In Rear Window, the audience watches much of the film from the point of view of wheelchair-bound Stewart as he spies on his neighbours. Viewers see events unfold through Stewart’s eyes, uncovering clues about his neighbour’s murder at the same time as him, heightening the uneasy voyeuristic tension of the film.

Playing mind games

Getting his audience to invest this emotional involvement was key for the Hitchcock, so he could manipulate how they felt. This, he thought, was much more important than what the film was actually about. It was Hitchcock who popularised the term “MacGuffin”  a plot device that drives characters’ motivation and the story forward without intrinsic meaning.

“I don’t care about content at all,” he told the BBC’s Wheldon. “The film can be about anything at all, as long as I’m making that audience react in a certain way to whatever I put on the screen.
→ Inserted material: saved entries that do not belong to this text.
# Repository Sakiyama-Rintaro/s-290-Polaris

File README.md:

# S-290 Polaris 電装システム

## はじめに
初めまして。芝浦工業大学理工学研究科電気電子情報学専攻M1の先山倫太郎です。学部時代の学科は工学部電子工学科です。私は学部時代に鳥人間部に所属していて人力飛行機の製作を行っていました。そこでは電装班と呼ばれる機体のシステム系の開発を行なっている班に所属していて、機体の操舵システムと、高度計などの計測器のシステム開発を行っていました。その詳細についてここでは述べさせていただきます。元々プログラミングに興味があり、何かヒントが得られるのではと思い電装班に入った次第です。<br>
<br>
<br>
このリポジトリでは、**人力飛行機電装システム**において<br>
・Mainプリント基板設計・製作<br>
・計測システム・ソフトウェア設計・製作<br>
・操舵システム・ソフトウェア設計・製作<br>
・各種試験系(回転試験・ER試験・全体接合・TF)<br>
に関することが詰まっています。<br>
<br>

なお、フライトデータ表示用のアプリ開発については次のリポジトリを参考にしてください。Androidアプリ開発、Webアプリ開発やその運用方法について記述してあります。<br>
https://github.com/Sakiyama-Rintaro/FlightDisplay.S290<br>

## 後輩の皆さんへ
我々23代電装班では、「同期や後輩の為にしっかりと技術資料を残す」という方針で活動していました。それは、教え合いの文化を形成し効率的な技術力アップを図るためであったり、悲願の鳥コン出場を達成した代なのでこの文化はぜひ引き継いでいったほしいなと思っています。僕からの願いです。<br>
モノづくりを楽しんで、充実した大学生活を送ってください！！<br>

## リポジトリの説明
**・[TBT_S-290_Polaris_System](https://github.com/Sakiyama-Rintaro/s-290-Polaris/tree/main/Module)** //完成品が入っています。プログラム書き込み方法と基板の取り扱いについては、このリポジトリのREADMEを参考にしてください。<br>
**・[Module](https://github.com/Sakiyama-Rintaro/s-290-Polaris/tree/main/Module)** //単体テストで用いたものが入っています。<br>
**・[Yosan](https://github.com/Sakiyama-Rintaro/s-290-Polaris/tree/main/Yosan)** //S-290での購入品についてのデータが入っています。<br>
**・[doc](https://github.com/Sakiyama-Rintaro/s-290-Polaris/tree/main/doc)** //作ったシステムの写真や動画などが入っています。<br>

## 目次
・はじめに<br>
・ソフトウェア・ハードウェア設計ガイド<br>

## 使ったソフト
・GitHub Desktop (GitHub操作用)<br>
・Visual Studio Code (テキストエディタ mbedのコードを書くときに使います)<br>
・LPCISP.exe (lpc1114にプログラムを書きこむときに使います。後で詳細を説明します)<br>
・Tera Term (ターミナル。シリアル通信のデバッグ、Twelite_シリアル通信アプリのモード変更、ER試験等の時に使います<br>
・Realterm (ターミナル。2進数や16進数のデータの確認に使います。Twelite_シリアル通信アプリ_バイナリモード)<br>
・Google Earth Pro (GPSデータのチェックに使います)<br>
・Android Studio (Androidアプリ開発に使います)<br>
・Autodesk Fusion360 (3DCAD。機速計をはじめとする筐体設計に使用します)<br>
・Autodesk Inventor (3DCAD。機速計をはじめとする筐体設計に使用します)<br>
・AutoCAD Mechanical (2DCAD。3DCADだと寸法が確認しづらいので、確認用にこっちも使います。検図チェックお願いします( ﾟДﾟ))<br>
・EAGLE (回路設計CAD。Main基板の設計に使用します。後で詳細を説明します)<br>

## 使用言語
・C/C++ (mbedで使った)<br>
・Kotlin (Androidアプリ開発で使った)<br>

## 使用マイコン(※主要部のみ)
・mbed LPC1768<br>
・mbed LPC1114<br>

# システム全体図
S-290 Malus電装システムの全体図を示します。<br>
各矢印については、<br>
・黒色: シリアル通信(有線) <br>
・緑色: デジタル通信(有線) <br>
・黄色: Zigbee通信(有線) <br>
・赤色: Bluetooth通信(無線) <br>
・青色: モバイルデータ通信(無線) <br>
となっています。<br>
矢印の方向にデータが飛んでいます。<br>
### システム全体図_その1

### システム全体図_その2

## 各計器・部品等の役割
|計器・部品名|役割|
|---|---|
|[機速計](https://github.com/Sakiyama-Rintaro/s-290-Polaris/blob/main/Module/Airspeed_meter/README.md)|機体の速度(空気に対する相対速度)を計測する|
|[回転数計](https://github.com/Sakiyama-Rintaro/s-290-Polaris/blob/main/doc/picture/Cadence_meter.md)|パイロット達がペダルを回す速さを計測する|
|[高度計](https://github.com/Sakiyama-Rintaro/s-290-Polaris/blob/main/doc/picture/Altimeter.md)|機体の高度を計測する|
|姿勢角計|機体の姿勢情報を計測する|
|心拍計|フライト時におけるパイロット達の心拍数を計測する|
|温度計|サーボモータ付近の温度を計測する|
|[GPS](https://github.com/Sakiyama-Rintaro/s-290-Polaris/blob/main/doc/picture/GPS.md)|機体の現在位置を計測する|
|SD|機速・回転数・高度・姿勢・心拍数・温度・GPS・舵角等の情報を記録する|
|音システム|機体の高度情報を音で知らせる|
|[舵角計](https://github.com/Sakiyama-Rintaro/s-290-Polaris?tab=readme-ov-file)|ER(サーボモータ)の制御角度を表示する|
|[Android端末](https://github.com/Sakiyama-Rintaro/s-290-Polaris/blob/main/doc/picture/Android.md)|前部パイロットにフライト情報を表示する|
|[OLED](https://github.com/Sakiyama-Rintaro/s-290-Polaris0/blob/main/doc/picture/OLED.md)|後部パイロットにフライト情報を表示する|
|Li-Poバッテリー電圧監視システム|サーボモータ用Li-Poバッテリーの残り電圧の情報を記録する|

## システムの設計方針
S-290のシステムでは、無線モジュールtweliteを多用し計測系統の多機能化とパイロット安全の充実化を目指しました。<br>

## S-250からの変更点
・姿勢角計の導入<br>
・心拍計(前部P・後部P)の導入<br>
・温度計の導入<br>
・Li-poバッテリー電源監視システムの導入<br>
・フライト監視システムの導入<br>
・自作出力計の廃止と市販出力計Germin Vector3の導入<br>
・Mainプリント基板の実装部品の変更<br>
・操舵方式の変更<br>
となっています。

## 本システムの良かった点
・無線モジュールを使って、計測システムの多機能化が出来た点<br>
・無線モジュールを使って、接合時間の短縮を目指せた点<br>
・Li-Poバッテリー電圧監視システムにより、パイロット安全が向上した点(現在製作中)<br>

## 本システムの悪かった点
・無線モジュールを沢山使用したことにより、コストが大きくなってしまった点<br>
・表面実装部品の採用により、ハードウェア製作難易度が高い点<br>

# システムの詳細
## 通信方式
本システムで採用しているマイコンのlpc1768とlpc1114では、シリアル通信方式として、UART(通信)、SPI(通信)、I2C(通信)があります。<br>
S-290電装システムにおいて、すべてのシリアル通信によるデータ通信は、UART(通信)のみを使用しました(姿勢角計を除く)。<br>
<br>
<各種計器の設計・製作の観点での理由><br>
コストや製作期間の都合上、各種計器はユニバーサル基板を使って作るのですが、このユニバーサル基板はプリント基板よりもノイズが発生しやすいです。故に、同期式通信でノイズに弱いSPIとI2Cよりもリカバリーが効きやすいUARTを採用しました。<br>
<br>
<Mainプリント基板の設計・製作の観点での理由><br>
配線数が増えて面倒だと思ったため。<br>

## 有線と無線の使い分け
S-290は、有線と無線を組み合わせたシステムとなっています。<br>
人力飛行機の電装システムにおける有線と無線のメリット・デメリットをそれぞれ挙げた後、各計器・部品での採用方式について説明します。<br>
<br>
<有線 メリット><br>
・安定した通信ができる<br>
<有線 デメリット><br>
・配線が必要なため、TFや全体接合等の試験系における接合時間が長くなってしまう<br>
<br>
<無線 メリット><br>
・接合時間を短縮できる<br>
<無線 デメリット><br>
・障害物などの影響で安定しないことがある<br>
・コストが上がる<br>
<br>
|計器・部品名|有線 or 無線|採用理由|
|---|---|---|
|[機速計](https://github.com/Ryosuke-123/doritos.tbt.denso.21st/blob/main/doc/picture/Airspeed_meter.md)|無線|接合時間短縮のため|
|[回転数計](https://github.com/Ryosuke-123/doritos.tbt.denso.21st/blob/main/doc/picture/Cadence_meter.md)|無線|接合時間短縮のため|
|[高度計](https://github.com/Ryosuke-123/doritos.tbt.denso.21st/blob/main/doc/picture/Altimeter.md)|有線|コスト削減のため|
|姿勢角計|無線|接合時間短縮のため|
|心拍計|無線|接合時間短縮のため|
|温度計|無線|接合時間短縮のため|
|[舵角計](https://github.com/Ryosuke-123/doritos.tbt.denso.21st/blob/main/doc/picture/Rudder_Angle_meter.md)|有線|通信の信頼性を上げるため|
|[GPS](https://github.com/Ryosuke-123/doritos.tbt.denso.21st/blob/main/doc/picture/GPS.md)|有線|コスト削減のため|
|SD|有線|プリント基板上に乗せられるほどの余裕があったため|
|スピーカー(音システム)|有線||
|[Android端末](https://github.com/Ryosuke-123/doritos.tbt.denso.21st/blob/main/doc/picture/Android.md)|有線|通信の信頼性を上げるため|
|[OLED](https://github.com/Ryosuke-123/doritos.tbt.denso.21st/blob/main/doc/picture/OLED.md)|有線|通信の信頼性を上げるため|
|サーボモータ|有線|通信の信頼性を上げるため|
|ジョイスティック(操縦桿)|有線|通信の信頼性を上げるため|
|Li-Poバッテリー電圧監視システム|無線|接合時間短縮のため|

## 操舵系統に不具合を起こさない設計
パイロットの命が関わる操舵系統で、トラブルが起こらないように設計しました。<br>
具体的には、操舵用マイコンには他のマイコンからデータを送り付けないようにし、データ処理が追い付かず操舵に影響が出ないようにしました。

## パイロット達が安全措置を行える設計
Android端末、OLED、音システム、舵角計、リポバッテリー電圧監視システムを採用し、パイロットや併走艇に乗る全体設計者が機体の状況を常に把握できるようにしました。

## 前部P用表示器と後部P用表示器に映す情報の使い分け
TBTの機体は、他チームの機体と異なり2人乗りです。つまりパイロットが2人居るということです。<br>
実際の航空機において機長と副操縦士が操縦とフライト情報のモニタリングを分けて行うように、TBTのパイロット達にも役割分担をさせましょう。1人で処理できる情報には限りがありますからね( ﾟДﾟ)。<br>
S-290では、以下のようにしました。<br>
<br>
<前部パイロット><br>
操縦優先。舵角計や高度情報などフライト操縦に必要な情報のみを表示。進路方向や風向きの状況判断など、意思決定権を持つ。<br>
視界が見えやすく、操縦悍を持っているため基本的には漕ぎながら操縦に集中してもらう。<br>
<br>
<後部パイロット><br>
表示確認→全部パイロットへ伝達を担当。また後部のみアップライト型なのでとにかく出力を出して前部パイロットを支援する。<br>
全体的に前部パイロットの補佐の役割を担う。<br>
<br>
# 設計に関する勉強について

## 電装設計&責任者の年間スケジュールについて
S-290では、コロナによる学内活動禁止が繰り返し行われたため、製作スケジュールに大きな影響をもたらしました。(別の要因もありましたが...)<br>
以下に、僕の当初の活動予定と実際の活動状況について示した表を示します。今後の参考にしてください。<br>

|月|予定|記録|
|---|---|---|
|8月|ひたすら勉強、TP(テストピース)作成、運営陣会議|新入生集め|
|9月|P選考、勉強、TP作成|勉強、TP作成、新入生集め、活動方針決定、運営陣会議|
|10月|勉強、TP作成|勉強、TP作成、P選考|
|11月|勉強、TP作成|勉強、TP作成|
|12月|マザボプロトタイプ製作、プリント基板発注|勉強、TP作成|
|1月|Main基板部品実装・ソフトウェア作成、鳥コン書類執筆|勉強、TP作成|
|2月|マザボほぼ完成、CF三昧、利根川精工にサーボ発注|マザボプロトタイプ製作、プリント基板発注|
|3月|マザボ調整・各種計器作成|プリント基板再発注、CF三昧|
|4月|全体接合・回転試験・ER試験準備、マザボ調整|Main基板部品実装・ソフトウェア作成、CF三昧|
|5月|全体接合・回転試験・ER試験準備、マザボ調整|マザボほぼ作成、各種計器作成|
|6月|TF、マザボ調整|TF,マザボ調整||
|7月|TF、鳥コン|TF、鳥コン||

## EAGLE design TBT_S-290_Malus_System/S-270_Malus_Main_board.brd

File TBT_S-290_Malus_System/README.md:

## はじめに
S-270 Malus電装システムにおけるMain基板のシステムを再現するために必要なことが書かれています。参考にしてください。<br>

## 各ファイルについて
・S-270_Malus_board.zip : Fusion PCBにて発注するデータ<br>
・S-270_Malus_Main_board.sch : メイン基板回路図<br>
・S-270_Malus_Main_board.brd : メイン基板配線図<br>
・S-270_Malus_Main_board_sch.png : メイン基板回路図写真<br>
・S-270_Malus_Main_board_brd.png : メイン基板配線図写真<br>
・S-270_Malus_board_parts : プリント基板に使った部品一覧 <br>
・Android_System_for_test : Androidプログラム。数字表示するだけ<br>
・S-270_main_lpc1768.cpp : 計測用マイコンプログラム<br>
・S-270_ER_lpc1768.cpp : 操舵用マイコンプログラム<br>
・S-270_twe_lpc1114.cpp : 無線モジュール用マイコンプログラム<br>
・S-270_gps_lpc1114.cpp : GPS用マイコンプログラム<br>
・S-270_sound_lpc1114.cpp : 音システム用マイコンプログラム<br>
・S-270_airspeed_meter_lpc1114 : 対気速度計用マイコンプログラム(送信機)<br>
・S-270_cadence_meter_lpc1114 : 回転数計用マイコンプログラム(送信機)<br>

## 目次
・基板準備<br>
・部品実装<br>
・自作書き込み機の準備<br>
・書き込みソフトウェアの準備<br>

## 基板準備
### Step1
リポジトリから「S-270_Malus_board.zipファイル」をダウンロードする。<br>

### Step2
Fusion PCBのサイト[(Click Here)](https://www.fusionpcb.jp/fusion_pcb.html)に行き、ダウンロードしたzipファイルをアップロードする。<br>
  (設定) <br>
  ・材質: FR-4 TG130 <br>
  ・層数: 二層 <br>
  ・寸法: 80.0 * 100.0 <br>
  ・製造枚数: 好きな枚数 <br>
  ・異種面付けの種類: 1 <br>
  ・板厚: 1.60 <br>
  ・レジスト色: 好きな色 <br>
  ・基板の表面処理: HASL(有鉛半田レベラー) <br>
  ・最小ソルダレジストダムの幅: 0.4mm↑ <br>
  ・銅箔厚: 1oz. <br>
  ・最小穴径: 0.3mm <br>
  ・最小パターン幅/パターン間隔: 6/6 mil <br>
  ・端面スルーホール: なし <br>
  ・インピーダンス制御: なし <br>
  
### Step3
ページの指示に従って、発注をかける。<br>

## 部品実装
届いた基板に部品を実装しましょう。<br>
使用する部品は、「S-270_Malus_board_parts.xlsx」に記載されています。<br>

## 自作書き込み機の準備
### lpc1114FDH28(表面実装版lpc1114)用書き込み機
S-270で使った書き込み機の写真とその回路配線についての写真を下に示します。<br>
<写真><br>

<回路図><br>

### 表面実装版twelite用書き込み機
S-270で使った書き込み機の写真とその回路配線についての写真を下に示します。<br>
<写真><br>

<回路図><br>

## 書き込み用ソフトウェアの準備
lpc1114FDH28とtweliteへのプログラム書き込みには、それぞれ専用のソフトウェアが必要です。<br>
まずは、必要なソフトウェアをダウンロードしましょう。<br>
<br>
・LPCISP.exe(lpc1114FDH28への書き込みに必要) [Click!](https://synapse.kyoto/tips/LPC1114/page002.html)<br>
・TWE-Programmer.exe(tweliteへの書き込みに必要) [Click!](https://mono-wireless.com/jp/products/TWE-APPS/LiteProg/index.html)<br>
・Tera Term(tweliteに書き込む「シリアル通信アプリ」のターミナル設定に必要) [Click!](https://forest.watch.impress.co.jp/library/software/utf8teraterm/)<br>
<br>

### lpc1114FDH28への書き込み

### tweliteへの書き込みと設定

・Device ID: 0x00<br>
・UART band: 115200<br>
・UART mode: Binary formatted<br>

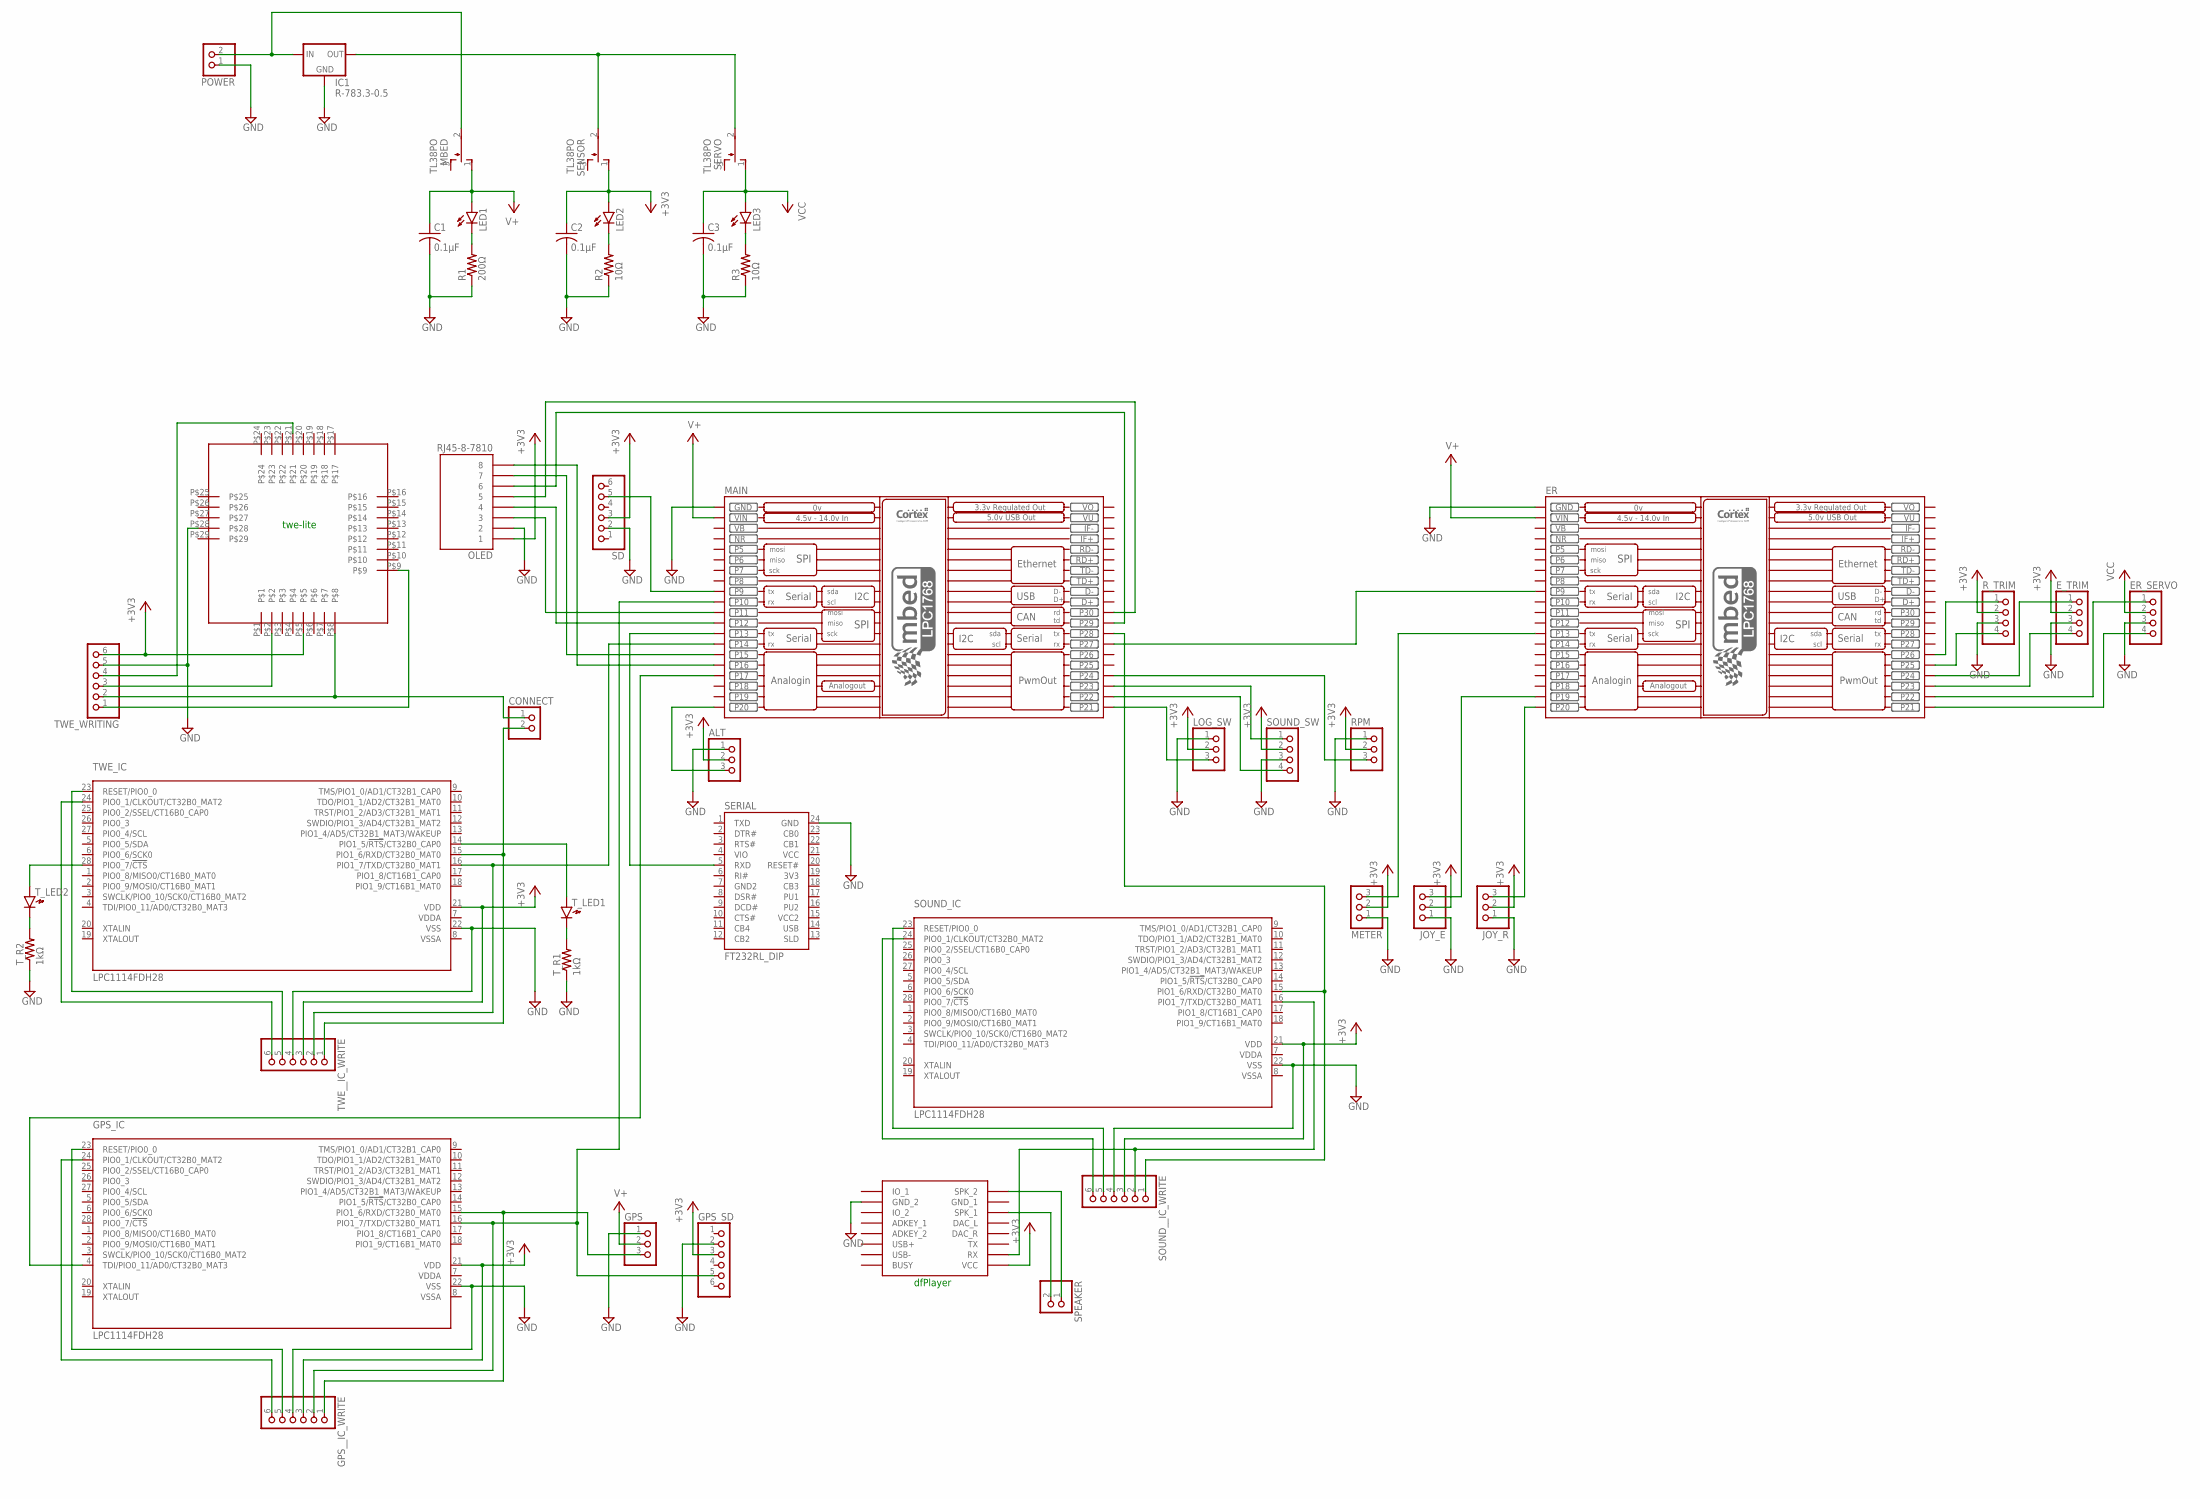
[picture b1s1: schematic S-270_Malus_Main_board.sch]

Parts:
ALT: PINHD-1X3; 1X03
C1, C2, C3: 0.1μF; C0603
CONNECT: PINHD-1X2; 1X02
ER: MBED_NXP_LPC1768; MBED-KIT
ER_SERVO: PINHD-1X4/90; 1X04/90
E_TRIM: PINHD-1X4; 1X04
GPS: PINHD-1X3; 1X03
GPS_IC: LPC1114FDH28; SOT361-1
GPS_SD: PINHD-1X6; 1X06
GPS__IC_WRITE: PINHD-1X6; 1X06
IC1: R-783.3-0.5; SIP3
JOY_E: PINHD-1X3; 1X03
JOY_R: PINHD-1X3; 1X03
LED1, LED2, LED3: LED3MM
LOG_SW: PINHD-1X3; 1X03
MAIN: MBED_NXP_LPC1768; MBED-KIT
MBED: TL38PO; TL3XPO
METER: PINHD-1X3; 1X03
OLED: RJ45-8-7810; RJ-45_7810-8P8C
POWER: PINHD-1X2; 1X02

And if you begin to worry about the details of what are the papers about, that the spies are trying to steal, well that’s a lot of nonsense. I can’t be bothered about what the papers are that the spies are after.”

And Hitchcock knew that it was not necessary to show the audience everything to elicit this kind of intense feeling from them, and that what audiences imagine is often more terrifying than what they actually see.

In Psycho, there is an infamous scene that shows his mastery of composition and editing to extract maximum emotional reaction from cinema goers. As BBC Talking Movies’ Tom Brook said in 2020: “No verbal description of Psycho can convey its true visceral impact.” 

In the sequence, the character Marion Crane (Janet Leigh) is stabbed in the shower. The moment is shown in a rapid montage which cuts between images of the attacker with the knife in motion, juxtaposed with close-up shots of her terrified face, coupled with a dissonant, shrieking score. The fast pacing of the editing, impeccably in time with the jarring sounds, creates an acute sense of violence, vulnerability and panic in the viewer, without actually showing images of the knife going into the victim or explicit gore.

“Well, I deliberately made that pretty rough,” said Hitchcock. “But as the film developed, I put less and less physical horror into it because I was leaving that in the mind of the audience, and, as the film went on, there was less and less violence but the tension, in the mind of the viewer, was increased considerably. I was transferring it from the film into their minds.

“So, towards the end, I had no violence at all. But the audience by this time was screaming in agony. Thank goodness!”